*Problem details*.
Beginning with the line that holds "#95=VERTEX_POINT('',#94);" in the data below, give again every line through the one that holds "#102=CIRCLE('',#101,3.);", exactly as written.

:::::

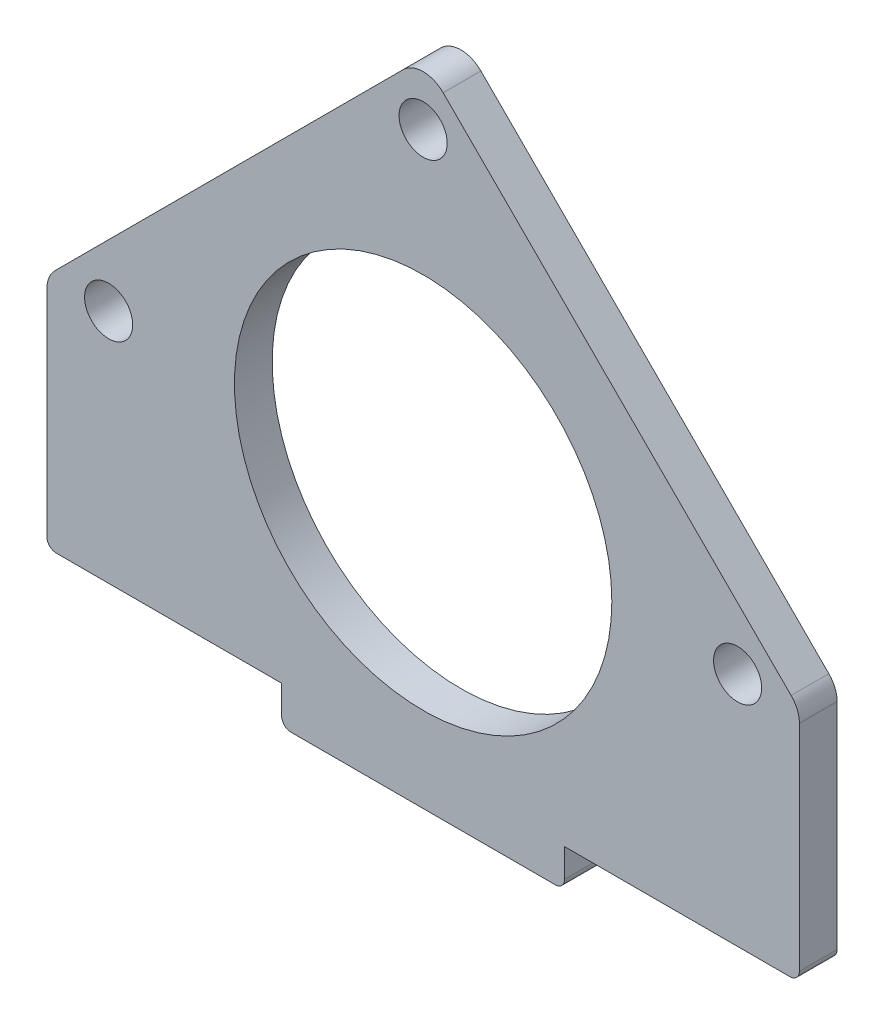
ISO-10303-21;
HEADER;
FILE_DESCRIPTION(('STEP AP214'),'2;1');
FILE_NAME('part.step','',(''),(''),'','','');
FILE_SCHEMA(('AUTOMOTIVE_DESIGN { 1 0 10303 214 1 1 1 1 }'));
ENDSEC;
DATA;
#1=APPLICATION_CONTEXT('core data for automotive mechanical design processes');
#2=APPLICATION_PROTOCOL_DEFINITION('international standard','automotive_design',2000,#1);
#3=PRODUCT_CONTEXT('',#1,'mechanical');
#4=PRODUCT('Part','Part','',(#3));
#5=PRODUCT_RELATED_PRODUCT_CATEGORY('part','',(#4));
#6=PRODUCT_DEFINITION_FORMATION('','',#4);
#7=PRODUCT_DEFINITION_CONTEXT('part definition',#1,'design');
#8=PRODUCT_DEFINITION('design','',#6,#7);
#9=PRODUCT_DEFINITION_SHAPE('','',#8);
#10=(LENGTH_UNIT() NAMED_UNIT(*) SI_UNIT(.MILLI.,.METRE.));
#11=(NAMED_UNIT(*) PLANE_ANGLE_UNIT() SI_UNIT($,.RADIAN.));
#12=(NAMED_UNIT(*) SI_UNIT($,.STERADIAN.) SOLID_ANGLE_UNIT());
#13=UNCERTAINTY_MEASURE_WITH_UNIT(LENGTH_MEASURE(1.E-05),#10,'distance_accuracy_value','');
#14=(GEOMETRIC_REPRESENTATION_CONTEXT(3) GLOBAL_UNCERTAINTY_ASSIGNED_CONTEXT((#13)) GLOBAL_UNIT_ASSIGNED_CONTEXT((#10,
#11,#12)) REPRESENTATION_CONTEXT('',''));
#15=CARTESIAN_POINT('',(0.,0.,0.));
#16=DIRECTION('',(0.,0.,1.));
#17=DIRECTION('',(1.,0.,0.));
#18=AXIS2_PLACEMENT_3D('',#15,#16,#17);
#19=CARTESIAN_POINT('',(0.,0.,4.));
#20=DIRECTION('',(0.,0.,1.));
#21=DIRECTION('',(1.,0.,0.));
#22=AXIS2_PLACEMENT_3D('',#19,#20,#21);
#23=PLANE('',#22);
#24=CARTESIAN_POINT('',(33.3330136651338,0.,4.));
#25=DIRECTION('',(0.,0.,1.));
#26=DIRECTION('',(1.,0.,0.));
#27=AXIS2_PLACEMENT_3D('',#24,#25,#26);
#28=CIRCLE('',#27,2.55);
#29=CARTESIAN_POINT('',(35.8830136651338,0.,4.));
#30=VERTEX_POINT('',#29);
#31=EDGE_CURVE('E340',#30,#30,#28,.T.);
#32=ORIENTED_EDGE('',*,*,#31,.F.);
#33=EDGE_LOOP('',(#32));
#34=FACE_BOUND('',#33,.T.);
#35=CARTESIAN_POINT('',(-33.3330136651338,0.,4.));
#36=DIRECTION('',(0.,0.,1.));
#37=DIRECTION('',(1.,0.,0.));
#38=AXIS2_PLACEMENT_3D('',#35,#36,#37);
#39=CIRCLE('',#38,2.55);
#40=CARTESIAN_POINT('',(-30.7830136651338,0.,4.));
#41=VERTEX_POINT('',#40);
#42=EDGE_CURVE('E195',#41,#41,#39,.T.);
#43=ORIENTED_EDGE('',*,*,#42,.F.);
#44=EDGE_LOOP('',(#43));
#45=FACE_BOUND('',#44,.T.);
#46=DIRECTION('',(1.,0.,0.));
#47=VECTOR('',#46,1.);
#48=CARTESIAN_POINT('',(15.,-29.,4.));
#49=LINE('',#48,#47);
#50=CARTESIAN_POINT('',(-14.,-29.,4.));
#51=VERTEX_POINT('',#50);
#52=CARTESIAN_POINT('',(14.,-29.,4.));
#53=VERTEX_POINT('',#52);
#54=EDGE_CURVE('E175',#51,#53,#49,.T.);
#55=ORIENTED_EDGE('',*,*,#54,.T.);
#56=CARTESIAN_POINT('',(14.,-28.,4.));
#57=DIRECTION('',(0.,0.,1.));
#58=DIRECTION('',(1.,0.,0.));
#59=AXIS2_PLACEMENT_3D('',#56,#57,#58);
#60=CIRCLE('',#59,1.);
#61=CARTESIAN_POINT('',(15.,-28.,4.));
#62=VERTEX_POINT('',#61);
#63=EDGE_CURVE('E265',#53,#62,#60,.T.);
#64=ORIENTED_EDGE('',*,*,#63,.T.);
#65=DIRECTION('',(0.,1.,0.));
#66=VECTOR('',#65,1.);
#67=CARTESIAN_POINT('',(15.,-29.,4.));
#68=LINE('',#67,#66);
#69=CARTESIAN_POINT('',(15.,-25.,4.));
#70=VERTEX_POINT('',#69);
#71=EDGE_CURVE('E177',#62,#70,#68,.T.);
#72=ORIENTED_EDGE('',*,*,#71,.T.);
#73=DIRECTION('',(1.,0.,0.));
#74=VECTOR('',#73,1.);
#75=CARTESIAN_POINT('',(15.,-25.,4.));
#76=LINE('',#75,#74);
#77=CARTESIAN_POINT('',(38.8808224589212,-25.,4.));
#78=VERTEX_POINT('',#77);
#79=EDGE_CURVE('E182',#70,#78,#76,.T.);
#80=ORIENTED_EDGE('',*,*,#79,.T.);
#81=CARTESIAN_POINT('',(38.8808224589212,-24.,4.));
#82=DIRECTION('',(0.,0.,1.));
#83=DIRECTION('',(1.,0.,0.));
#84=AXIS2_PLACEMENT_3D('',#81,#82,#83);
#85=CIRCLE('',#84,1.);
#86=CARTESIAN_POINT('',(39.8808224589212,-24.,4.));
#87=VERTEX_POINT('',#86);
#88=EDGE_CURVE('E263',#78,#87,#85,.T.);
#89=ORIENTED_EDGE('',*,*,#88,.T.);
#90=DIRECTION('',(0.,1.,0.));
#91=VECTOR('',#90,1.);
#92=CARTESIAN_POINT('',(39.8808224589212,-25.,4.));
#93=LINE('',#92,#91);
#94=CARTESIAN_POINT('',(39.8808224589212,-1.24264068711931,4.));
#95=VERTEX_POINT('',#94);
#96=EDGE_CURVE('E184',#87,#95,#93,.T.);
#97=ORIENTED_EDGE('',*,*,#96,.T.);
#98=CARTESIAN_POINT('',(36.8808224589212,-1.2426406871193,4.));
#99=DIRECTION('',(0.,0.,1.));
#100=DIRECTION('',(1.,0.,0.));
#101=AXIS2_PLACEMENT_3D('',#98,#99,#100);
#102=CIRCLE('',#101,3.);
#103=CARTESIAN_POINT('',(39.0021428024809,0.878679656440326,4.));
#104=VERTEX_POINT('',#103);
#105=EDGE_CURVE('E234',#95,#104,#102,.T.);
#106=ORIENTED_EDGE('',*,*,#105,.T.);
#107=DIRECTION('',(-0.707106781186546,0.707106781186549,0.));
#108=VECTOR('',#107,1.);
#109=CARTESIAN_POINT('',(0.,39.8808224589213,4.));
#110=LINE('',#109,#108);
#111=CARTESIAN_POINT('',(2.12132034355964,37.7595021153617,4.));
#112=VERTEX_POINT('',#111);
#113=EDGE_CURVE('E186',#104,#112,#110,.T.);
#114=ORIENTED_EDGE('',*,*,#113,.T.);
#115=CARTESIAN_POINT('',(0.,35.638181771802,4.));
#116=DIRECTION('',(0.,0.,1.));
#117=DIRECTION('',(1.,0.,0.));
#118=AXIS2_PLACEMENT_3D('',#115,#116,#117);
#119=CIRCLE('',#118,3.);
#120=CARTESIAN_POINT('',(-2.12132034355965,37.7595021153617,4.));
#121=VERTEX_POINT('',#120);
#122=EDGE_CURVE('E230',#112,#121,#119,.T.);
#123=ORIENTED_EDGE('',*,*,#122,.T.);
#124=DIRECTION('',(-0.707106781186546,-0.707106781186549,0.));
#125=VECTOR('',#124,1.);
#126=CARTESIAN_POINT('',(-39.8808224589212,0.,4.));
#127=LINE('',#126,#125);
#128=CARTESIAN_POINT('',(-39.0021428024809,0.878679656440357,4.));
#129=VERTEX_POINT('',#128);
#130=EDGE_CURVE('E189',#121,#129,#127,.T.);
#131=ORIENTED_EDGE('',*,*,#130,.T.);
#132=CARTESIAN_POINT('',(-36.8808224589212,-1.24264068711928,4.));
#133=DIRECTION('',(0.,0.,1.));
#134=DIRECTION('',(1.,0.,0.));
#135=AXIS2_PLACEMENT_3D('',#132,#133,#134);
#136=CIRCLE('',#135,3.);
#137=CARTESIAN_POINT('',(-39.8808224589212,-1.24264068711928,4.));
#138=VERTEX_POINT('',#137);
#139=EDGE_CURVE('E232',#129,#138,#136,.T.);
#140=ORIENTED_EDGE('',*,*,#139,.T.);
#141=DIRECTION('',(0.,-1.,0.));
#142=VECTOR('',#141,1.);
#143=CARTESIAN_POINT('',(-39.8808224589212,0.,4.));
#144=LINE('',#143,#142);
#145=CARTESIAN_POINT('',(-39.8808224589212,-24.,4.));
#146=VERTEX_POINT('',#145);
#147=EDGE_CURVE('E163',#138,#146,#144,.T.);
#148=ORIENTED_EDGE('',*,*,#147,.T.);
#149=CARTESIAN_POINT('',(-38.8808224589212,-24.,4.));
#150=DIRECTION('',(0.,0.,1.));
#151=DIRECTION('',(1.,0.,0.));
#152=AXIS2_PLACEMENT_3D('',#149,#150,#151);
#153=CIRCLE('',#152,1.);
#154=CARTESIAN_POINT('',(-38.8808224589212,-25.,4.));
#155=VERTEX_POINT('',#154);
#156=EDGE_CURVE('E159',#146,#155,#153,.T.);
#157=ORIENTED_EDGE('',*,*,#156,.T.);
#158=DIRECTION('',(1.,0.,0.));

:::::

*Result for this exercise*.
#95=VERTEX_POINT('',#94);
#96=EDGE_CURVE('E184',#87,#95,#93,.T.);
#97=ORIENTED_EDGE('',*,*,#96,.T.);
#98=CARTESIAN_POINT('',(36.8808224589212,-1.2426406871193,4.));
#99=DIRECTION('',(0.,0.,1.));
#100=DIRECTION('',(1.,0.,0.));
#101=AXIS2_PLACEMENT_3D('',#98,#99,#100);
#102=CIRCLE('',#101,3.);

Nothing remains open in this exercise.